***** Data under study

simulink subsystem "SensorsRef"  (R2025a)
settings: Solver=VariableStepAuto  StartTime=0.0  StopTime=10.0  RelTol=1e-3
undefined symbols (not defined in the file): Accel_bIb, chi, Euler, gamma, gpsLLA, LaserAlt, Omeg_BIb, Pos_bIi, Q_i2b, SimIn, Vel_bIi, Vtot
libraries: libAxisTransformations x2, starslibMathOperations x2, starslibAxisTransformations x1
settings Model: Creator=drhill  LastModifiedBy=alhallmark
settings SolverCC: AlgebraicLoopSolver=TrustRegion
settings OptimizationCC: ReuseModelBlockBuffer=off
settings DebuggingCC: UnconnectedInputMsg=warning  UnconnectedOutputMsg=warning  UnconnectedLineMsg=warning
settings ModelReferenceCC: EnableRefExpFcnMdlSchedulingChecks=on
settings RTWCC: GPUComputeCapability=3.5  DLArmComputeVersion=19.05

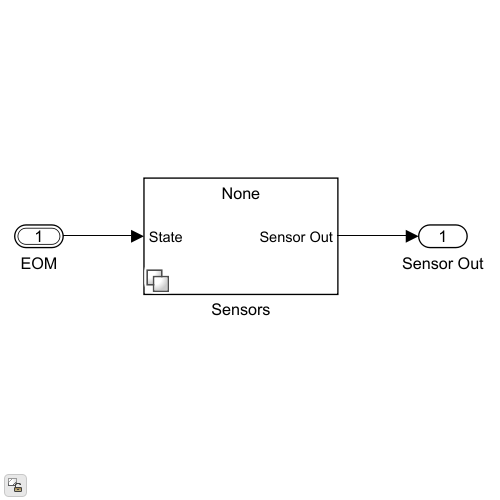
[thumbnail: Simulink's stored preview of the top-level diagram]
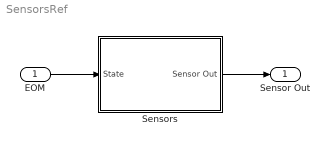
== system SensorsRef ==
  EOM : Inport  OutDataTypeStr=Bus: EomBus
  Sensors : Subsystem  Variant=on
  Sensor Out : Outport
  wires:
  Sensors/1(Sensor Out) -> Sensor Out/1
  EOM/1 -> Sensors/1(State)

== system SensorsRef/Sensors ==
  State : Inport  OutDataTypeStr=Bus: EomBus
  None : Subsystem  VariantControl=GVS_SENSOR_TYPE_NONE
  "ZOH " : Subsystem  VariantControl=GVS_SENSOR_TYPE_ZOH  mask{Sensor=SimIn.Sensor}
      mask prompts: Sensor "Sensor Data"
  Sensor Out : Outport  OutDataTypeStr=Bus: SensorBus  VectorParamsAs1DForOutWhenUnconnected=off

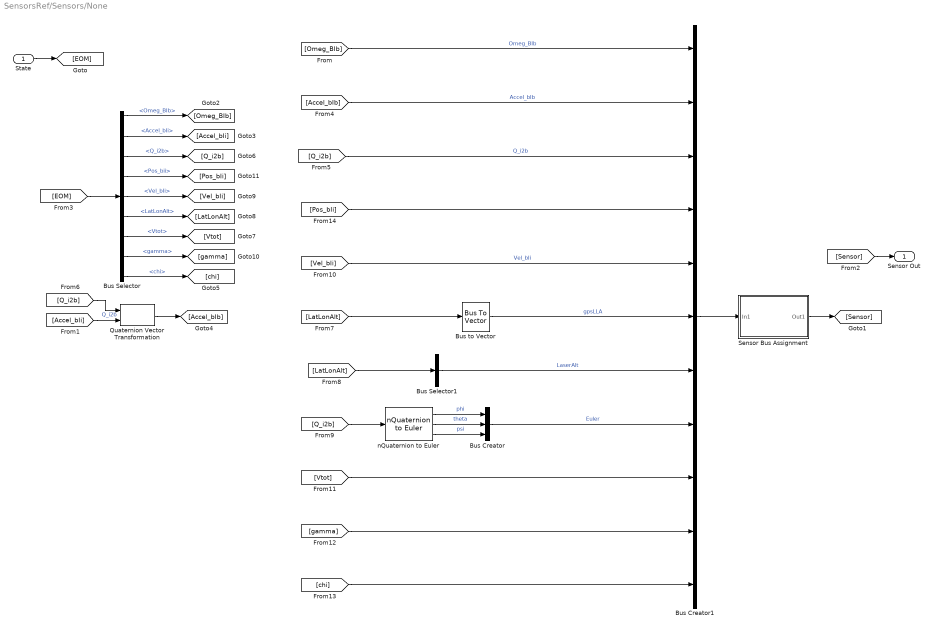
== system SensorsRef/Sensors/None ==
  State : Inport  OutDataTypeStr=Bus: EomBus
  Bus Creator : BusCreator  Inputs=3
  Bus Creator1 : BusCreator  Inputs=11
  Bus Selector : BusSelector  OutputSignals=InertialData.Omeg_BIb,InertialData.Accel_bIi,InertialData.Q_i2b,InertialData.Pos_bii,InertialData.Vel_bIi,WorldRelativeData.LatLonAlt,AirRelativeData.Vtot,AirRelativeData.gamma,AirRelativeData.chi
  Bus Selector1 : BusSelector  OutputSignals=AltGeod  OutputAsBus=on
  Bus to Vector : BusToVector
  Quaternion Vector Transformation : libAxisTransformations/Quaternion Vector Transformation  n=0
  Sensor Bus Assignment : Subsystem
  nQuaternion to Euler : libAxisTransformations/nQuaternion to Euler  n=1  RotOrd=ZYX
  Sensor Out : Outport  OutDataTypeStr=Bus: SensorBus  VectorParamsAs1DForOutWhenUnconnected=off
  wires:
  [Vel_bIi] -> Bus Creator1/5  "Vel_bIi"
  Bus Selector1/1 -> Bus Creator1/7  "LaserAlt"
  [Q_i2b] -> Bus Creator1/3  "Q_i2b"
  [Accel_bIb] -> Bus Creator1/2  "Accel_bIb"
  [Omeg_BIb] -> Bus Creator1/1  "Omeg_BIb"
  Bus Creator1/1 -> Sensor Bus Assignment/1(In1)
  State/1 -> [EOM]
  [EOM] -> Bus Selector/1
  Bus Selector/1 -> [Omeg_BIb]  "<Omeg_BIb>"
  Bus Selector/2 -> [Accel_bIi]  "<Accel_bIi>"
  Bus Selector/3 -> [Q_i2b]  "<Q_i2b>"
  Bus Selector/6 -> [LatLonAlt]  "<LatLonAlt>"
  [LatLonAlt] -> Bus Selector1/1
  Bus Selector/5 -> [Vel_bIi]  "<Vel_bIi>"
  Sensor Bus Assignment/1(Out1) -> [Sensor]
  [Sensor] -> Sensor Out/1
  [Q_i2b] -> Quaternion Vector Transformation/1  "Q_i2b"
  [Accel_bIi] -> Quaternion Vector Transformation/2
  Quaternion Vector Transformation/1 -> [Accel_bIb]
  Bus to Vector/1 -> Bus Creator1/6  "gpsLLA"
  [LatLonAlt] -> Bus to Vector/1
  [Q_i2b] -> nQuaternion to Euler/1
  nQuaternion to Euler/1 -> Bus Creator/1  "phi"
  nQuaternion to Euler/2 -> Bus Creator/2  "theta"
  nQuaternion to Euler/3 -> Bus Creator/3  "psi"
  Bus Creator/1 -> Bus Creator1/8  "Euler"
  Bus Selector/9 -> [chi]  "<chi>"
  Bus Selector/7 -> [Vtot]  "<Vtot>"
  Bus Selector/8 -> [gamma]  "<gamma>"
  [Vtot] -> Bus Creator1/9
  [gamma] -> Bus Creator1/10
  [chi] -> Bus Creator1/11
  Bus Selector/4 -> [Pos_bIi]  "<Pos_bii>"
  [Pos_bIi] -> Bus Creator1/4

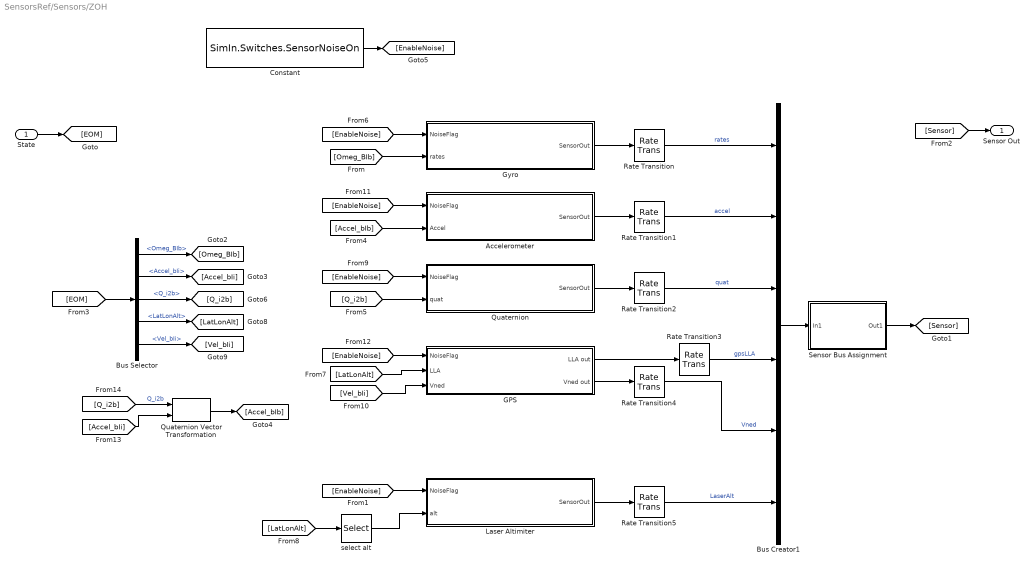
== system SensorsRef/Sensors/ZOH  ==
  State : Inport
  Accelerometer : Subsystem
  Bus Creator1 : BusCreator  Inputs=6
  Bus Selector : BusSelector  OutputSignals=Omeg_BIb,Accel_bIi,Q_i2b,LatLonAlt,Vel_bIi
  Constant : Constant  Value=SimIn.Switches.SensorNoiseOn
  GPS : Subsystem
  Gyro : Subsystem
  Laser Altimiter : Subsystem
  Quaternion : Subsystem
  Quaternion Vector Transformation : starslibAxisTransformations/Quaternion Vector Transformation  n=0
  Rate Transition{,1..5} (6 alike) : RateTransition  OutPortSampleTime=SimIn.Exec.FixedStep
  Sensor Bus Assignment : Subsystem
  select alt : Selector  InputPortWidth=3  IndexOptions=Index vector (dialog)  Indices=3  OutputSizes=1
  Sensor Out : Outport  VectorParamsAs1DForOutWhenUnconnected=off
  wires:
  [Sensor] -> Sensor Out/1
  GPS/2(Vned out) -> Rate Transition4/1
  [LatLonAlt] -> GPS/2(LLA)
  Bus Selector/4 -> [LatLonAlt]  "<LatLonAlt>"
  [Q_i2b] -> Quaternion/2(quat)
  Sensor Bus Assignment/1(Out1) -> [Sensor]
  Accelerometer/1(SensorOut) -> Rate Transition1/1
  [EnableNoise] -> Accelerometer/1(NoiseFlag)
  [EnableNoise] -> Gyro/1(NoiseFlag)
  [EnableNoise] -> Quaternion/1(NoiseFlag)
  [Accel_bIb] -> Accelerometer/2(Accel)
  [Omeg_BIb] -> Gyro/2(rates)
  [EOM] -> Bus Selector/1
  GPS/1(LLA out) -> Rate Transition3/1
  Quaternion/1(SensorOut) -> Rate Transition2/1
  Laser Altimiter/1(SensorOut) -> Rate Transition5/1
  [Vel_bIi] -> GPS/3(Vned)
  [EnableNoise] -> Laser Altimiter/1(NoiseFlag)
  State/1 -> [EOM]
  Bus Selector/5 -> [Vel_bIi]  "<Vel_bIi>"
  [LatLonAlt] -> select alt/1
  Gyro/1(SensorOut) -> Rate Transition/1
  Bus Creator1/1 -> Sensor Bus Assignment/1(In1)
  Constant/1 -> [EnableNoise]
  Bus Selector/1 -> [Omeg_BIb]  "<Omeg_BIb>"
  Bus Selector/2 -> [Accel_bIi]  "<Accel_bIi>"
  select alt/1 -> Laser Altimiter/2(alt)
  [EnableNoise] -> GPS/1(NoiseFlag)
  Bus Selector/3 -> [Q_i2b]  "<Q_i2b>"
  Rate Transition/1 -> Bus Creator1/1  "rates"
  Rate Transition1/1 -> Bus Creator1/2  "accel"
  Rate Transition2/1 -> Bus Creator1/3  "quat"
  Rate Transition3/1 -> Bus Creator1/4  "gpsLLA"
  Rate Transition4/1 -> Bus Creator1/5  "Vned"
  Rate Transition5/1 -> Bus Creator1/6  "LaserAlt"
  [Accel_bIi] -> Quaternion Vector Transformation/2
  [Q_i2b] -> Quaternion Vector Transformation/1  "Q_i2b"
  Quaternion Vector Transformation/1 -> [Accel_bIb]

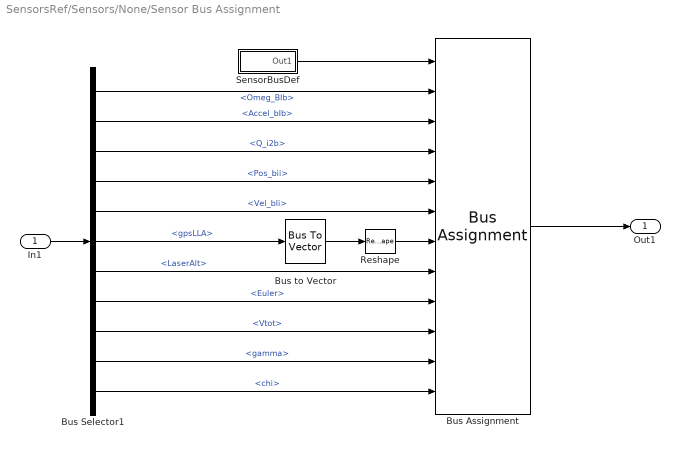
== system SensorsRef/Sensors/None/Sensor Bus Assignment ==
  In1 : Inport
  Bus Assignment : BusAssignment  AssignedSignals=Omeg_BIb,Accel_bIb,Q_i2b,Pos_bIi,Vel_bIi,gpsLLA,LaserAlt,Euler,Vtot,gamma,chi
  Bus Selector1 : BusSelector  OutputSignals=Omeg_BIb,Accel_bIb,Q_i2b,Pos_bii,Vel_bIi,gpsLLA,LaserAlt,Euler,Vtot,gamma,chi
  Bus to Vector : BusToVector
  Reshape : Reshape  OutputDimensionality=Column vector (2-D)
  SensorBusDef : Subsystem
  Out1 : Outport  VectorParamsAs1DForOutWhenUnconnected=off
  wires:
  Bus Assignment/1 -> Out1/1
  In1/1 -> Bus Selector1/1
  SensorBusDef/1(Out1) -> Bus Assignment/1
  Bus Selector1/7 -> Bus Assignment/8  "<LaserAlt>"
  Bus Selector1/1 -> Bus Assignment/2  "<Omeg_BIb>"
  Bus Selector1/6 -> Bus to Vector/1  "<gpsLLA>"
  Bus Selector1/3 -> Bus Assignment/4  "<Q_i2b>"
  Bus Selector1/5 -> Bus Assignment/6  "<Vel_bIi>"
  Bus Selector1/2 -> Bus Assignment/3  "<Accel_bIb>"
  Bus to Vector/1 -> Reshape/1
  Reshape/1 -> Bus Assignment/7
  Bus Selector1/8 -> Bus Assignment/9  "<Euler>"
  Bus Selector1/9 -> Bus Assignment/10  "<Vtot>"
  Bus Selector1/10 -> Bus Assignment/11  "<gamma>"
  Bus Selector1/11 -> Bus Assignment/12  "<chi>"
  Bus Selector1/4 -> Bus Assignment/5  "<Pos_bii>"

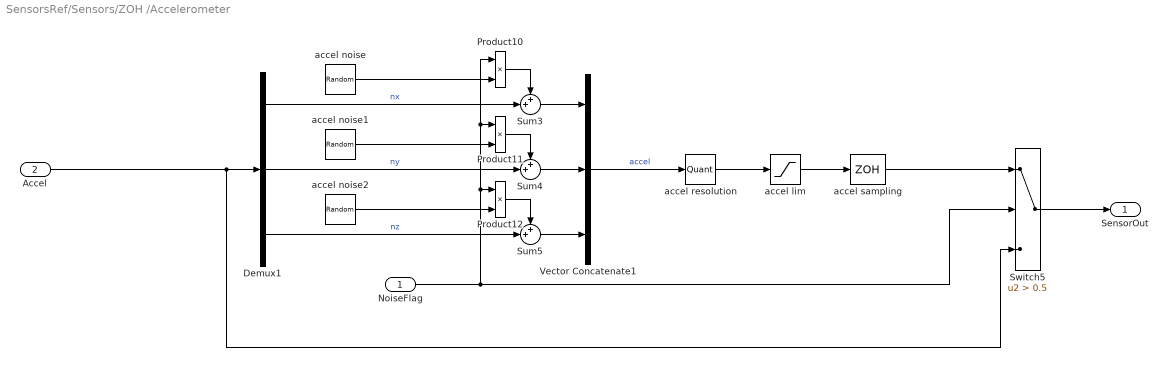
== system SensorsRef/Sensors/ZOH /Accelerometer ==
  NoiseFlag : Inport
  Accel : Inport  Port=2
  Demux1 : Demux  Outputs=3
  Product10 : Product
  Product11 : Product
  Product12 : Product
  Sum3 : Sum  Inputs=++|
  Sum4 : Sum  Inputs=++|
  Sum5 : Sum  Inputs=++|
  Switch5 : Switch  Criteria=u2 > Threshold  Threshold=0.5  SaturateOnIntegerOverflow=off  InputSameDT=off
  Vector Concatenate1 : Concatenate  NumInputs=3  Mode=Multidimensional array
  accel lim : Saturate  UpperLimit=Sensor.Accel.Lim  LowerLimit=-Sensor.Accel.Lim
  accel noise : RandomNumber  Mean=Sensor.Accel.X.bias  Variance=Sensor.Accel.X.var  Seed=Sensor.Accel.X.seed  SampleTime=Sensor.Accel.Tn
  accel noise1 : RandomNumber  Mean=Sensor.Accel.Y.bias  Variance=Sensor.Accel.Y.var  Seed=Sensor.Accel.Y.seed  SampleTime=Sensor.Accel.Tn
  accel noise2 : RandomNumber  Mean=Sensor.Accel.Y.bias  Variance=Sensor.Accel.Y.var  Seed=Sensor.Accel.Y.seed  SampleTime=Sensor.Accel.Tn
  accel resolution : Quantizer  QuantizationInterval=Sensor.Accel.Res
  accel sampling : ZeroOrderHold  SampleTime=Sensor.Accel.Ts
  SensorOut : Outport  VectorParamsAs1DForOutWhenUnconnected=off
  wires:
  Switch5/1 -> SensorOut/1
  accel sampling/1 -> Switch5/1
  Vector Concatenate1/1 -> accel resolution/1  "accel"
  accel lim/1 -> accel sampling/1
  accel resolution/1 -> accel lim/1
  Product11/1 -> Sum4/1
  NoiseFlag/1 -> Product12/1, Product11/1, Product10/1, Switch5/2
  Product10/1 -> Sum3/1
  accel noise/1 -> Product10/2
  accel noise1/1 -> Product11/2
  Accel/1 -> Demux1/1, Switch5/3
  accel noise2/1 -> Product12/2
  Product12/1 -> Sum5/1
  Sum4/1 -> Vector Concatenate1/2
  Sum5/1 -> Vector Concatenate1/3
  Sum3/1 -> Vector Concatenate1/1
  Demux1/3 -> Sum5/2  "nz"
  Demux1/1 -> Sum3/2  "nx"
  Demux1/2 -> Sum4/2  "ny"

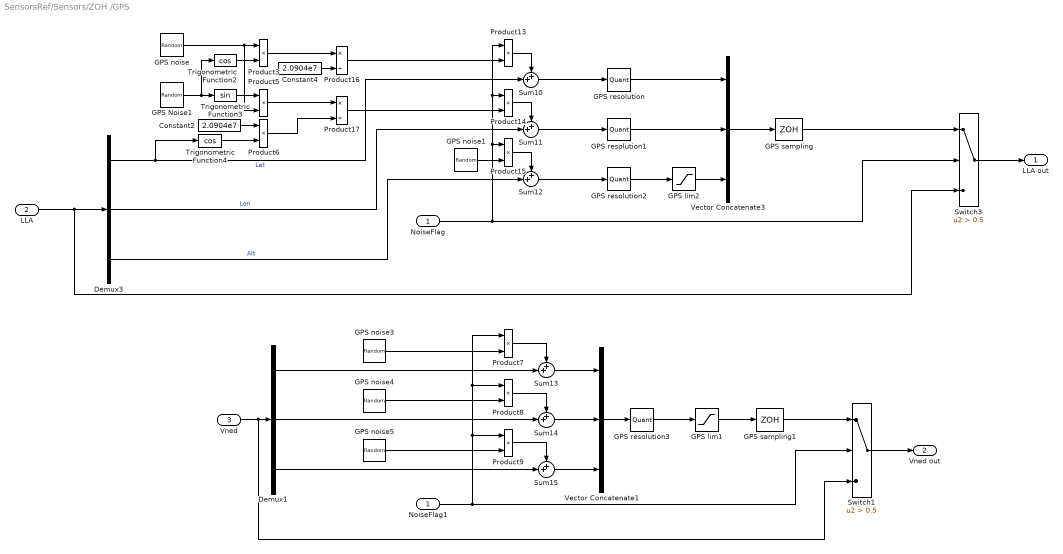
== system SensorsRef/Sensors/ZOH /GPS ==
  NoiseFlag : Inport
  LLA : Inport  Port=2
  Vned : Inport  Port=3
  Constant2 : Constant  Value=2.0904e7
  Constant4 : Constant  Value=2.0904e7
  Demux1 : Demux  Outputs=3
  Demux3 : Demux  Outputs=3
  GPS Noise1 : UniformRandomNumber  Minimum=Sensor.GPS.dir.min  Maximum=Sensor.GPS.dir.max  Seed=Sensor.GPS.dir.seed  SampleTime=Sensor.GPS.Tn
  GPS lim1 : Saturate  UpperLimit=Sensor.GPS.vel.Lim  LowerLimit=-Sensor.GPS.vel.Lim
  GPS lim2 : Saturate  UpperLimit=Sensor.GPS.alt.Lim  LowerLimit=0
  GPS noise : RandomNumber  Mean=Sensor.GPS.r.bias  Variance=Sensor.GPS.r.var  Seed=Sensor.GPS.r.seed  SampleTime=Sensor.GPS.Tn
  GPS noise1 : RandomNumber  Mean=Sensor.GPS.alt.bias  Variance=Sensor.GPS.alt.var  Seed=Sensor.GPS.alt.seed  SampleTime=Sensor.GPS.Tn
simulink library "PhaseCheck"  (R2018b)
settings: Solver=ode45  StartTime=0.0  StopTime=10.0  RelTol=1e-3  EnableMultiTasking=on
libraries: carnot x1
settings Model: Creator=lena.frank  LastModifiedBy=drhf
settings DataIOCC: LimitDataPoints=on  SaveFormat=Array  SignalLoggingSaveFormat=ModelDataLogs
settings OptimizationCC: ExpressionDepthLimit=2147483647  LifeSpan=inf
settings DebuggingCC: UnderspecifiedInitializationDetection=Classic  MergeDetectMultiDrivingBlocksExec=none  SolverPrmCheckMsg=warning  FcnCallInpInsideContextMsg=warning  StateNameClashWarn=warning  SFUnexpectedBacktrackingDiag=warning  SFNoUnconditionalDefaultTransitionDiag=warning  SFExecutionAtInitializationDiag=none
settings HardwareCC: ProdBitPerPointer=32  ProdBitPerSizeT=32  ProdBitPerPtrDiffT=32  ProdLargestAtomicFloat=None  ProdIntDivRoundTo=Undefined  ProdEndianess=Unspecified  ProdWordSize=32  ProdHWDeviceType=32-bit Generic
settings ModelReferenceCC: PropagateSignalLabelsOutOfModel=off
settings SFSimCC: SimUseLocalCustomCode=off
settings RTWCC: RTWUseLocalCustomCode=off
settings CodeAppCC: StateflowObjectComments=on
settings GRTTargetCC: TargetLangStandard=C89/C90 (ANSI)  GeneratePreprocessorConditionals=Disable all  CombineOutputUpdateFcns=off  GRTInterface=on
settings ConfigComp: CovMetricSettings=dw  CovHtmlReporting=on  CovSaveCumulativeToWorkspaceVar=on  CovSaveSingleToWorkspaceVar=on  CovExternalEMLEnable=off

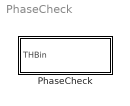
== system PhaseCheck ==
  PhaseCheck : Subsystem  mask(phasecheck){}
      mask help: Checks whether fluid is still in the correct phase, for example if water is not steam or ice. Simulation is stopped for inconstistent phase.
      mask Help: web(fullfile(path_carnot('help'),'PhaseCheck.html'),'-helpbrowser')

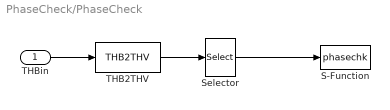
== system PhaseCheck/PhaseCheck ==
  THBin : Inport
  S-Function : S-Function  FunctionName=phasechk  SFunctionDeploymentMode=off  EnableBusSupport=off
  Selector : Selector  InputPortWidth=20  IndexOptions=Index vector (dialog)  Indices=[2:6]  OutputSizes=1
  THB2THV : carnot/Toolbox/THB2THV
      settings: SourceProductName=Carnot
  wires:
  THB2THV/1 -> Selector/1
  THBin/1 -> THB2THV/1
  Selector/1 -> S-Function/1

**********

Work to be completed:
Write out every line from the data above that includes "RelTol".

Answer to this exercise:
settings: Solver=VariableStepAuto  StartTime=0.0  StopTime=10.0  RelTol=1e-3
settings: Solver=ode45  StartTime=0.0  StopTime=10.0  RelTol=1e-3  EnableMultiTasking=on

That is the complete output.